A Compressed History of the Mattress

Many people think of the mattress as a relatively new invention, but even primitive man found ways to try to sleep comfortably at night. Here, we explore a compressed history of bedding and the mattress.

The Early Years

In the Neolithic period 10,000 years ago, primitive beds and mattresses were used. The beds were actually raised in order to stay off of the ground and avoid pests. These mattresses were made of leaves, straw, and grass and covered by animal skins. 

The Romans

While Persians used water-filled goat skins to sleep on and Egyptians utilized palm leaves in heaps, the Romans designed mattresses out of bags of cloth. They stuffed these with wool, reeds, or hay. If they were particularly wealthy, they filled the cloth with feathers and decorated the bed with bronze, silver, or gold.

The Renaissance

The 15th, 16th, and 17th centuries saw mattresses covered in velvets, silks, and brocades.

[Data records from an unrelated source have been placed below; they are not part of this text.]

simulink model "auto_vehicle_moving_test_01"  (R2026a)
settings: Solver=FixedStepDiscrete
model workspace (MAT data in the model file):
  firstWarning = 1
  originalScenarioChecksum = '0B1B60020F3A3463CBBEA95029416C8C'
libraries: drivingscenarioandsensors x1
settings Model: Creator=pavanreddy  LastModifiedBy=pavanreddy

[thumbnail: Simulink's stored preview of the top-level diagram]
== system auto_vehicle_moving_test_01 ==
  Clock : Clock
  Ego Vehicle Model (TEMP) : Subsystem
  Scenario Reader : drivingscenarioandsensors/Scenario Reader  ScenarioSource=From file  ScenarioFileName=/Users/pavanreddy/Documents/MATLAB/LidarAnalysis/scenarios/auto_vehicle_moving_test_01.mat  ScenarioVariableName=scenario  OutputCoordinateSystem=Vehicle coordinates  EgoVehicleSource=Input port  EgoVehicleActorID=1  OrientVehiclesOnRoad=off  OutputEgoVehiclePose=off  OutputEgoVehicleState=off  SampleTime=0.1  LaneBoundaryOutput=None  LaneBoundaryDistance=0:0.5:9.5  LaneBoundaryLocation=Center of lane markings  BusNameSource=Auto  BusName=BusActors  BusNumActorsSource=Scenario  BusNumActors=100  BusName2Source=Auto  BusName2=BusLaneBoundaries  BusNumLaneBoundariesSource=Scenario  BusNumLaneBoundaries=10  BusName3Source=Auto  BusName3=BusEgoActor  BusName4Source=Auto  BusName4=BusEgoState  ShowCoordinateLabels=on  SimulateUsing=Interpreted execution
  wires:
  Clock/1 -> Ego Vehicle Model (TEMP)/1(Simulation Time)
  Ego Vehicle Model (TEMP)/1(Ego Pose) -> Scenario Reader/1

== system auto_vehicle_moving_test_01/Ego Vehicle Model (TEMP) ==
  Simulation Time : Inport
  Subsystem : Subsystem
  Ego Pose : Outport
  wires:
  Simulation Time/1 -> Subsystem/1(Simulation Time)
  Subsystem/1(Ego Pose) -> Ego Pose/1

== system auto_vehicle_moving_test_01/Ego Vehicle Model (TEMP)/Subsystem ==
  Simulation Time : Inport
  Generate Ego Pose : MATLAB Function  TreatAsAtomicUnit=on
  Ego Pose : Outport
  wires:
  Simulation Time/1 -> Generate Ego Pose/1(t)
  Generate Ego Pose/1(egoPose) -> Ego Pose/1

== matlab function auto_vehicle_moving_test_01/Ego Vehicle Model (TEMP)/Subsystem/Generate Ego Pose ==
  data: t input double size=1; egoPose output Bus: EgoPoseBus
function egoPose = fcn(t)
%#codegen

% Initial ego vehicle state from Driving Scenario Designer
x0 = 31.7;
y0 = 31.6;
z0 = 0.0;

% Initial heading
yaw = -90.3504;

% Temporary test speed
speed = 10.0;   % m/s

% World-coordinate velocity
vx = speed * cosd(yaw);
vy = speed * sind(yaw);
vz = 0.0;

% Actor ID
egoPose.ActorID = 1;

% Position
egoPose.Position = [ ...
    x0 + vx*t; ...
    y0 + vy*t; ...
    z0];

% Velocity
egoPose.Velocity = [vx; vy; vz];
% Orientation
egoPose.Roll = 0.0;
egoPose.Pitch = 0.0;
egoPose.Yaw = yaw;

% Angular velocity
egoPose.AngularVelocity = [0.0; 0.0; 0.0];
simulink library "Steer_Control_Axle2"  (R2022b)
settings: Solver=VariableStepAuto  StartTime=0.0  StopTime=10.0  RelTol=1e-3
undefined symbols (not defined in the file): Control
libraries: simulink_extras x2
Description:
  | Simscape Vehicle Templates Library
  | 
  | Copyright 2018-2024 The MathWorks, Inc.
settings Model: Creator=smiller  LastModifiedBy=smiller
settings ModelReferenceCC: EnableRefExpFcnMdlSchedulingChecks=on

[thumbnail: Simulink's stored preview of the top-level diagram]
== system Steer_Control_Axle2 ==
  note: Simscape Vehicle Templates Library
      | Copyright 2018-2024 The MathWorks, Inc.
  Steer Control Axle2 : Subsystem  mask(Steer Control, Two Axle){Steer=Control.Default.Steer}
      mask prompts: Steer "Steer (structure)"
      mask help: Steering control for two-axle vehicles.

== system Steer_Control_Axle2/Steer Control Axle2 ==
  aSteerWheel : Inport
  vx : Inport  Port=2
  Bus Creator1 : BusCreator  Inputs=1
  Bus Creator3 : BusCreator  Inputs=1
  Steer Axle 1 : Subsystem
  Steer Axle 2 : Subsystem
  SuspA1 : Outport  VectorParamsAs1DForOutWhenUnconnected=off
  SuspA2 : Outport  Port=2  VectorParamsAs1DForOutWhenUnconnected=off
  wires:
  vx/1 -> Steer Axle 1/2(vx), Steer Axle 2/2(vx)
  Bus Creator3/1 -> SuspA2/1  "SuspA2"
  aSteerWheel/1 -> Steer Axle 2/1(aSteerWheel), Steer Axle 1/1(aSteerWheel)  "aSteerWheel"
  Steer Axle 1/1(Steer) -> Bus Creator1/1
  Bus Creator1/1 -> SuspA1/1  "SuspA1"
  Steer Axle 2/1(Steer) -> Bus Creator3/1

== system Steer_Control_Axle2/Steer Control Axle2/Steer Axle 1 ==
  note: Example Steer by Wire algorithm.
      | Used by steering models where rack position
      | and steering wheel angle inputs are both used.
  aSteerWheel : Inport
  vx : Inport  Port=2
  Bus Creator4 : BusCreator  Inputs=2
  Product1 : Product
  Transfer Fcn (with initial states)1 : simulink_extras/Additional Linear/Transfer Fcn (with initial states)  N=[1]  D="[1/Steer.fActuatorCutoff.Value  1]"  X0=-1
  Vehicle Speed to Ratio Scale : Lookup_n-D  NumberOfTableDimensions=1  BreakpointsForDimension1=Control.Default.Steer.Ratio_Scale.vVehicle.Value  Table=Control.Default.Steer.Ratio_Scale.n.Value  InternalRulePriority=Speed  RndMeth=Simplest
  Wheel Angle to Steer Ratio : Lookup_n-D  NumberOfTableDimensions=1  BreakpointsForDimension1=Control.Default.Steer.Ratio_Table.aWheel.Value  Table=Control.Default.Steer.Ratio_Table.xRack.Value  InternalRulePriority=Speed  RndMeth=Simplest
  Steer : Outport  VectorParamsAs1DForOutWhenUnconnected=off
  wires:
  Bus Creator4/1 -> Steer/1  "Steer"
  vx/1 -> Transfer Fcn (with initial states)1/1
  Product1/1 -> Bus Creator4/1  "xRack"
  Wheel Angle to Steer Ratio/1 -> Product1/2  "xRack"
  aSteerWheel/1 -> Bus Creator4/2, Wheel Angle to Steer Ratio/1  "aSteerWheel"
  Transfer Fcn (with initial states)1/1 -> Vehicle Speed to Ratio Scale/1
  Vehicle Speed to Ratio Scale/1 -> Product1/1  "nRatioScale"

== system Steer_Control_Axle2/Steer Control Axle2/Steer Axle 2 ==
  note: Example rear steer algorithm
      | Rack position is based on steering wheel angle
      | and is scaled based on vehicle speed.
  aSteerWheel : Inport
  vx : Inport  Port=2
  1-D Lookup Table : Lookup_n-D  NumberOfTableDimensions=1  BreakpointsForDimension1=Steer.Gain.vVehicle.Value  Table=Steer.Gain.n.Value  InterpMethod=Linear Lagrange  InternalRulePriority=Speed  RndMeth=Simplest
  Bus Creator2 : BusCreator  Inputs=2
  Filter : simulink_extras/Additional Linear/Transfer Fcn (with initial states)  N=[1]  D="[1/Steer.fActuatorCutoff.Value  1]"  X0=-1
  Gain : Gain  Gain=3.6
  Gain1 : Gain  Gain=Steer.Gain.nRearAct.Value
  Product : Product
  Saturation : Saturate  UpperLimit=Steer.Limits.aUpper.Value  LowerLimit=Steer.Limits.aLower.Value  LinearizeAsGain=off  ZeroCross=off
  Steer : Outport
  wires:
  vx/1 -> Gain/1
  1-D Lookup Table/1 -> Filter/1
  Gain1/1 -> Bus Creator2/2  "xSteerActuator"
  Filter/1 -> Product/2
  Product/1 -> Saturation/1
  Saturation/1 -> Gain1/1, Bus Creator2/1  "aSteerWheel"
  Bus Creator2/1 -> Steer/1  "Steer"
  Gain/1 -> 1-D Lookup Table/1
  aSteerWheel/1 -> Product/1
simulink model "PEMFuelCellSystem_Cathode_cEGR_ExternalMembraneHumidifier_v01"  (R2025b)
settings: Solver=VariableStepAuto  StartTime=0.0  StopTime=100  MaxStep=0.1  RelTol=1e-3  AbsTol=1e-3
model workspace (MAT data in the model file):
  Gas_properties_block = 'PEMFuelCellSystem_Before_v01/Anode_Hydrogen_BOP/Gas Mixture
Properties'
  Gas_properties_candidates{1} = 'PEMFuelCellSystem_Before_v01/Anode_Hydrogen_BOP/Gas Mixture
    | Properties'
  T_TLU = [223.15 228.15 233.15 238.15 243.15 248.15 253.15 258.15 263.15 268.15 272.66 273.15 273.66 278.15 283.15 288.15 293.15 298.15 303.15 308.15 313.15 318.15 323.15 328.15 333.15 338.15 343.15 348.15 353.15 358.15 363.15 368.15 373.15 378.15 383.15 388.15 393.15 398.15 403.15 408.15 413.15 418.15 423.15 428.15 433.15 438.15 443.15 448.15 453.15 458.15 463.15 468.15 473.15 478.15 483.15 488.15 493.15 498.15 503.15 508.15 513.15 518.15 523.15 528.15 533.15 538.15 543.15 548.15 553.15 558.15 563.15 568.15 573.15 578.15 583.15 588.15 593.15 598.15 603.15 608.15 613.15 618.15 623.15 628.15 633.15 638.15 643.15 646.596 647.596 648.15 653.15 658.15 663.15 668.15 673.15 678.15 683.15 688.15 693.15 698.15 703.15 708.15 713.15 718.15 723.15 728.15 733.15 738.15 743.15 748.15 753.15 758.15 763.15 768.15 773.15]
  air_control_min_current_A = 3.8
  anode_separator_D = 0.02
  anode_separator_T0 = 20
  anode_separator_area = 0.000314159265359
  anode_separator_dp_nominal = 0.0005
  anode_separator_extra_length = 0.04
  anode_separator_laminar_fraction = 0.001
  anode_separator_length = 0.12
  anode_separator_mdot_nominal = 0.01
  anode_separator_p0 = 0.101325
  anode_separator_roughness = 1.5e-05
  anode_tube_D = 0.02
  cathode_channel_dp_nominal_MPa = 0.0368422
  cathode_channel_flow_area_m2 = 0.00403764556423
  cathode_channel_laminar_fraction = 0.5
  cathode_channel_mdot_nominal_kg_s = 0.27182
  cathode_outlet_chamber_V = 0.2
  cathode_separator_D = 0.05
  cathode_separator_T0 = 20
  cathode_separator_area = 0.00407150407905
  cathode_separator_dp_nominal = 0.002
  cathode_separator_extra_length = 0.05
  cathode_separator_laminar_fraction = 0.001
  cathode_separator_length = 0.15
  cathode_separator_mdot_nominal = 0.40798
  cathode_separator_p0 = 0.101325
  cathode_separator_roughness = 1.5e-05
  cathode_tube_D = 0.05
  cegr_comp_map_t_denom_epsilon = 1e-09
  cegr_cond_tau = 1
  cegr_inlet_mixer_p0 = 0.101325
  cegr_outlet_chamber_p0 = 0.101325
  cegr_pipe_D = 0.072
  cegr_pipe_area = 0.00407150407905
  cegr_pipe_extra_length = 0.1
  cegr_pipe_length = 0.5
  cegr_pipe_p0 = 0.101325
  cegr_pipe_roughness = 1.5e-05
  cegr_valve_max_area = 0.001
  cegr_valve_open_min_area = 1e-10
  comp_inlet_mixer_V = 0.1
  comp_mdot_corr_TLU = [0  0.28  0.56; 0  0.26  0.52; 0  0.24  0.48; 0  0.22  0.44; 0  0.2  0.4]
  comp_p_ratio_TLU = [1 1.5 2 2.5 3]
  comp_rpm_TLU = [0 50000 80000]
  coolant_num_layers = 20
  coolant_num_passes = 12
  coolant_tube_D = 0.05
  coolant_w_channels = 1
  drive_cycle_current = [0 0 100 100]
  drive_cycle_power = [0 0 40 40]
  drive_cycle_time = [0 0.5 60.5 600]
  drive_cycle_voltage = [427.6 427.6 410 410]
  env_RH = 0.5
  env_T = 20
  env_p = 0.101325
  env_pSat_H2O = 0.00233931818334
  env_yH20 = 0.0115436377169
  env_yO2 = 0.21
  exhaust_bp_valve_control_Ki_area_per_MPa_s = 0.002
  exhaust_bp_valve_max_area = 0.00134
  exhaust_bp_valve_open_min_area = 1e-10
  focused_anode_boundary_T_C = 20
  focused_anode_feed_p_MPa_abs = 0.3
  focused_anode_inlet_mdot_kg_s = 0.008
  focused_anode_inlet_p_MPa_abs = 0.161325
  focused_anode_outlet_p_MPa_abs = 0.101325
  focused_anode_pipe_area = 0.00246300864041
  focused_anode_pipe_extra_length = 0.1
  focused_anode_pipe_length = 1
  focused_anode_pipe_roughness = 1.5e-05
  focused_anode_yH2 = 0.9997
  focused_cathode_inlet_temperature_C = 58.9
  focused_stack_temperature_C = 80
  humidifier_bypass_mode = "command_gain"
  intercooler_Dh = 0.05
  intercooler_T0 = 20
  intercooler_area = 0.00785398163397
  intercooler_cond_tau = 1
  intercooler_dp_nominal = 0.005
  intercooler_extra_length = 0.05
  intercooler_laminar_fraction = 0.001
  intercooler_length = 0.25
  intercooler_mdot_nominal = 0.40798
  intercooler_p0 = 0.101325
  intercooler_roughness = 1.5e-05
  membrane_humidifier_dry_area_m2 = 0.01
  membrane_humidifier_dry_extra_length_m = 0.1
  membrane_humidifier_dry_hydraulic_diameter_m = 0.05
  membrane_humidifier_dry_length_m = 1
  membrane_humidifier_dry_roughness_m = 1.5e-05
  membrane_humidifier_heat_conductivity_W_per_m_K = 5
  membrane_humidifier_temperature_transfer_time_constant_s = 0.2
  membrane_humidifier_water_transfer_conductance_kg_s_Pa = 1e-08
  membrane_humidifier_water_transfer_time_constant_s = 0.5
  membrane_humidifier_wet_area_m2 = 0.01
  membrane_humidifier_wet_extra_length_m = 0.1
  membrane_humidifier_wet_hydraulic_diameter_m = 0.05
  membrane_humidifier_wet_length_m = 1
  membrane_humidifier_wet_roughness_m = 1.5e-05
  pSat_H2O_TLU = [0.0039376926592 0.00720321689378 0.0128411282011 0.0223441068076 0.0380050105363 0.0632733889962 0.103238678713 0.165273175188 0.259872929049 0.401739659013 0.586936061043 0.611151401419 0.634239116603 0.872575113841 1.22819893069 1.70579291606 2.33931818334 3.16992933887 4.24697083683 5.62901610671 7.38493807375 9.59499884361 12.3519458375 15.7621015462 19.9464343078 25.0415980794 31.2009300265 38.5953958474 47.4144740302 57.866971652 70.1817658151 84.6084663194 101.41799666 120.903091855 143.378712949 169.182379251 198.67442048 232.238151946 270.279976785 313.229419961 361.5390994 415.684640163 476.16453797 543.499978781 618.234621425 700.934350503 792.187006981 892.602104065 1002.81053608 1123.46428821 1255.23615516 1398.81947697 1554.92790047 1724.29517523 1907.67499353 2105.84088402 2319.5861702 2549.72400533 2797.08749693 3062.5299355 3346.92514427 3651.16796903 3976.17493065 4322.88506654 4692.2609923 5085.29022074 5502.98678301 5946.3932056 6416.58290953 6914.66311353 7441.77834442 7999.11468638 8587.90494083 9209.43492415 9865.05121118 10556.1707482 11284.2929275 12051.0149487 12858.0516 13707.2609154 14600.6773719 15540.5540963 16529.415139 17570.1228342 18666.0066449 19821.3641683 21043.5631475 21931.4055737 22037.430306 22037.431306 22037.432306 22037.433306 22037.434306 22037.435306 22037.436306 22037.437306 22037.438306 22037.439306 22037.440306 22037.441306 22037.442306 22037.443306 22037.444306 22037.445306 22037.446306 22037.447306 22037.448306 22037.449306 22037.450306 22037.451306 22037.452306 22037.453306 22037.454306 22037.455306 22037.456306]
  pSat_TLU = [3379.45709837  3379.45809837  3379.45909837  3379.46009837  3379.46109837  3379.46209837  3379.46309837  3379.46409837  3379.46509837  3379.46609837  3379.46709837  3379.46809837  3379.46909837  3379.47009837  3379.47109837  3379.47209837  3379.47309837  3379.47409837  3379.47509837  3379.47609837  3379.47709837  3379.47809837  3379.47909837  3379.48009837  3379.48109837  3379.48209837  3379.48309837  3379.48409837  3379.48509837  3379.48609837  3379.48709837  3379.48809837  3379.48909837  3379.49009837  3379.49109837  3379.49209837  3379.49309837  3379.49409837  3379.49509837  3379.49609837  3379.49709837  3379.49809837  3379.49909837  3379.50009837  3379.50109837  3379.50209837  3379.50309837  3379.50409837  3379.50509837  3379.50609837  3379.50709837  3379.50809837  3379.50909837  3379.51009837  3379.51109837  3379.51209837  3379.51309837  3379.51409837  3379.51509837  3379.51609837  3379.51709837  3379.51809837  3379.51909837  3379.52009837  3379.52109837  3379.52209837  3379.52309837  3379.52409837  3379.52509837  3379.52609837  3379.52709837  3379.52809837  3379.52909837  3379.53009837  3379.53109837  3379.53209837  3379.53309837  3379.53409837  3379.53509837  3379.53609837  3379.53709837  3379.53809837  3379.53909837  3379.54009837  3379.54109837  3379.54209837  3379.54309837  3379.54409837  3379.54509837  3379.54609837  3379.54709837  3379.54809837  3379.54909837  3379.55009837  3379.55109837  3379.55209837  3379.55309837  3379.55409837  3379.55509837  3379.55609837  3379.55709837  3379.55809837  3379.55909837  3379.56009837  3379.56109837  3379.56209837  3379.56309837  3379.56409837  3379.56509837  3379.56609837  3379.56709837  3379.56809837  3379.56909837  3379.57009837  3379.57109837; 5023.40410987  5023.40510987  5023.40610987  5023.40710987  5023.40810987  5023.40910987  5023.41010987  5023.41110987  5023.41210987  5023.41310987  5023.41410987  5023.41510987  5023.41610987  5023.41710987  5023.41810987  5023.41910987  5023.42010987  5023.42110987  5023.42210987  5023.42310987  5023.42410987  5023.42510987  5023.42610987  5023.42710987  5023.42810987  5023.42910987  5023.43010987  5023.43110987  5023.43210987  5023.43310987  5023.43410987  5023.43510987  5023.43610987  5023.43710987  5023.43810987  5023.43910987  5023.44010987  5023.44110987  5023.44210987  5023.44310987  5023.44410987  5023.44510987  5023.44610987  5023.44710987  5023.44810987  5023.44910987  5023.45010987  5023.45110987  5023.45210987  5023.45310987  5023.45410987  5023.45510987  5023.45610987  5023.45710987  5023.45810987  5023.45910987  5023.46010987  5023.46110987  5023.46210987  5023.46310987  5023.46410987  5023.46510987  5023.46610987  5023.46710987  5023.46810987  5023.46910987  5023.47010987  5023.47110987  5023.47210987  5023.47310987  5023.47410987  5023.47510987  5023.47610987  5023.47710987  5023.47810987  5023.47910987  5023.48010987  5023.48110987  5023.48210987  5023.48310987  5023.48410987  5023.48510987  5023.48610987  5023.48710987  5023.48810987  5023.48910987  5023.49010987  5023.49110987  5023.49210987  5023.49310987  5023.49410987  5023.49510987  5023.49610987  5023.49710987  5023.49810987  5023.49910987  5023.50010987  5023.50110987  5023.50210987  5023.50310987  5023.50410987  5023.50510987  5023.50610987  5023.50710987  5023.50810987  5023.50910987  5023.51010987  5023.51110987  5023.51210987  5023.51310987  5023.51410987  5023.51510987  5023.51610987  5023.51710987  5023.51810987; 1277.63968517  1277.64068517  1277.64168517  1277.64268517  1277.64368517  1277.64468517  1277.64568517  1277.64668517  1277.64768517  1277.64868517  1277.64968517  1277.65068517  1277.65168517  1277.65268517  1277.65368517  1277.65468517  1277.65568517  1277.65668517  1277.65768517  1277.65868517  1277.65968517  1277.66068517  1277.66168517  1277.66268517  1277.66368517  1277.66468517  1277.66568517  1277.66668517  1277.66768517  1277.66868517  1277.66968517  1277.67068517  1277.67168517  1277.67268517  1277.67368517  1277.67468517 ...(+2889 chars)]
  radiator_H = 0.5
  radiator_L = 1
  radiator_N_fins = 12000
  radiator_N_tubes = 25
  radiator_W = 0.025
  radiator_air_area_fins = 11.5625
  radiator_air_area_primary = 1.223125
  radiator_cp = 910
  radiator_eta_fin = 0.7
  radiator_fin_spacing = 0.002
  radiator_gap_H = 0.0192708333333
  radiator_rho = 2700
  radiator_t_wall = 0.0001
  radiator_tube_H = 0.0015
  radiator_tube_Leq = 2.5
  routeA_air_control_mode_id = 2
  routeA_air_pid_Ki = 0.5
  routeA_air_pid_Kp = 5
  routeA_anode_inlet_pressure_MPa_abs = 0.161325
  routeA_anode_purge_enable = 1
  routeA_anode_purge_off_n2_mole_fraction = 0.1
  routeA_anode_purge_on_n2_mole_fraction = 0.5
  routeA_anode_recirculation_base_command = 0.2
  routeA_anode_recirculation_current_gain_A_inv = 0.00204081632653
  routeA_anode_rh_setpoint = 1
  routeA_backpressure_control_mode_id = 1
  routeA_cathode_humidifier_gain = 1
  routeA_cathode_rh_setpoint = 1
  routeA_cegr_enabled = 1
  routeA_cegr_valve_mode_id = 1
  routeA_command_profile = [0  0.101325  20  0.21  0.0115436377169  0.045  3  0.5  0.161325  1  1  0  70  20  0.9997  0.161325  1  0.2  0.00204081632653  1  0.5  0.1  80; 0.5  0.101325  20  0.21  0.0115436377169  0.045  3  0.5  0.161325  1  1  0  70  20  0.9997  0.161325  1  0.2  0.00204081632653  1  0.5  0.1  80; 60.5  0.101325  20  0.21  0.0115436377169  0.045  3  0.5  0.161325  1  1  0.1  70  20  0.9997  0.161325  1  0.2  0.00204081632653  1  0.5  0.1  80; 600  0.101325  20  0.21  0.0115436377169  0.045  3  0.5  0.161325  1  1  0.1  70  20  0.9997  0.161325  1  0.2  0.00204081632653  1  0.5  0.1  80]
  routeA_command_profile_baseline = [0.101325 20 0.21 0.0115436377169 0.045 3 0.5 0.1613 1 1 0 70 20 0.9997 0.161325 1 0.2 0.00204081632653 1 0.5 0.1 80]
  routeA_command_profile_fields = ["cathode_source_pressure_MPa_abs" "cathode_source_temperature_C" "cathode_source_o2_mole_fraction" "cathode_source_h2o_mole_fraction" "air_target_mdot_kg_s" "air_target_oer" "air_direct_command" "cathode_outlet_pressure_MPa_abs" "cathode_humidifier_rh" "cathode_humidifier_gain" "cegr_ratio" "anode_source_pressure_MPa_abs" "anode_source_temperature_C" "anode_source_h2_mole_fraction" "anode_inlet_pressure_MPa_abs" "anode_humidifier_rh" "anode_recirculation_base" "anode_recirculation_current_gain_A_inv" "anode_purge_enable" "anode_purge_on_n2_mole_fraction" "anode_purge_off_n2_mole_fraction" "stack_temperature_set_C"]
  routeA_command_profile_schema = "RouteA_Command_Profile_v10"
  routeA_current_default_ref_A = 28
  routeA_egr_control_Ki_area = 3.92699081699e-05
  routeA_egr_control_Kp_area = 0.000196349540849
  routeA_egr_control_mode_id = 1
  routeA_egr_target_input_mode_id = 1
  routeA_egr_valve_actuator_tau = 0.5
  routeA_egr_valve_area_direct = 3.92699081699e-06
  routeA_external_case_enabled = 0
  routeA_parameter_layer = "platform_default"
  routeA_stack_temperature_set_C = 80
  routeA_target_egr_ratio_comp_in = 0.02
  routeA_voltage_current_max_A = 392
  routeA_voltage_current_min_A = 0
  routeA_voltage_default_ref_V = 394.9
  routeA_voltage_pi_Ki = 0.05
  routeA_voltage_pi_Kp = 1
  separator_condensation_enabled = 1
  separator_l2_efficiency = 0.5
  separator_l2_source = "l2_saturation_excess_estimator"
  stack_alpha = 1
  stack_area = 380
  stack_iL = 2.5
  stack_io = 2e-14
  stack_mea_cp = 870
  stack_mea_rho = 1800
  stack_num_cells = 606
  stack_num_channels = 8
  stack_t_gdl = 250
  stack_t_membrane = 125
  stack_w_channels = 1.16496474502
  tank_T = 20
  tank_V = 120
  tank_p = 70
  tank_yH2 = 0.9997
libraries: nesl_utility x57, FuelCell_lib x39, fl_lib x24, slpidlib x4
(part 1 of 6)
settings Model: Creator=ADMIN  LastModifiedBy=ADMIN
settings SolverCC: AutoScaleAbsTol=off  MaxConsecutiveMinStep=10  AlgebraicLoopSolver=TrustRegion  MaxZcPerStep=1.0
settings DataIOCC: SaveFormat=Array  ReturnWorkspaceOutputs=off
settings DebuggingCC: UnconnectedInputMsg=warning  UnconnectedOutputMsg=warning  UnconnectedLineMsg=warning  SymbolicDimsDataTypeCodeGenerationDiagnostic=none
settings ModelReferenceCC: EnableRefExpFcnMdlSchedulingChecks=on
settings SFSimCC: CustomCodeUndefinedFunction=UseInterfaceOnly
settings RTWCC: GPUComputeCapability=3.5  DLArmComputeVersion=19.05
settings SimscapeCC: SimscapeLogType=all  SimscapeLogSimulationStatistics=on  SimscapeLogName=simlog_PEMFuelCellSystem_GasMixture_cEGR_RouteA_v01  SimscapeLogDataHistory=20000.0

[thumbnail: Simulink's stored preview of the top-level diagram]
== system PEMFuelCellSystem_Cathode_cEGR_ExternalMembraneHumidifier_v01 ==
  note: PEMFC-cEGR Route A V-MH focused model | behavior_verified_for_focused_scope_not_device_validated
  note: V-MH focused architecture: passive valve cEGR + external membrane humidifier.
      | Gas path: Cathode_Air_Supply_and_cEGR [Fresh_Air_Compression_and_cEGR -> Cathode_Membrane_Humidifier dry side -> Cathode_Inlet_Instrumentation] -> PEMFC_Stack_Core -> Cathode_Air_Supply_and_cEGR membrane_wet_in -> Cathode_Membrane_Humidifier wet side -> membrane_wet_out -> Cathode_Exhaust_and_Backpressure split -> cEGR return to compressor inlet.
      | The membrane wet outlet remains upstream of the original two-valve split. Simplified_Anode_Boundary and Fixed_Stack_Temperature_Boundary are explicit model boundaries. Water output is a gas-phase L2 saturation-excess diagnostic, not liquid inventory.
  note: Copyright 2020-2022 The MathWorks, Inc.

People would stuff the mattresses made out of coarse ticks with shucks from peas, straw, or feathers if they were wealthy.

The 18th Century

This century saw mattresses fill with wool or cotton and start to take on the box shape we recognize today. Fillings started to include horsehair and coconut fiber. Button attachments also become popular to use to attach the mattress material to the stuffing.

The 19th Century

Cotton mattresses become more popular and kept the sleeping space cleaner. In 1857, first steel coil springs were used in chair seats, and these were finally applied to mattresses in 1865 with the innerspring mattress following in 1871. Waterbed designs also become popular.

The 20th Century

The box spring is finally invented, which made mattresses smoother and more comfortable. Innerspring mattresses become more popular, and pocket spring mattresses are developed. In the 1940s, the U.S. is introduced to futons for the first time. Foam rubber mattresses are popular in the 1950s while the 1960s saw a gain in waterbed use. Air mattresses appear in the 1980s while spacious options are popular in the 1990s. In 1999, the queen-size mattress became the most popular mattress of choice in the U.S.

Modern Bedding

The 2000s and beyond have seen a rise in memory-type elements to the modern mattress. There are many waterbeds, air beds, and other technologically advanced options that keep consumers happy. The designs are nearly limitless, allowing people to sleep however they feel is most comfortable.

While your mattress today might be considered a modern invention, it is one that has been fine-tuned for over 10,000 years. Who knows what might be around the corner for this important piece of furniture that humans spend so much of their time using?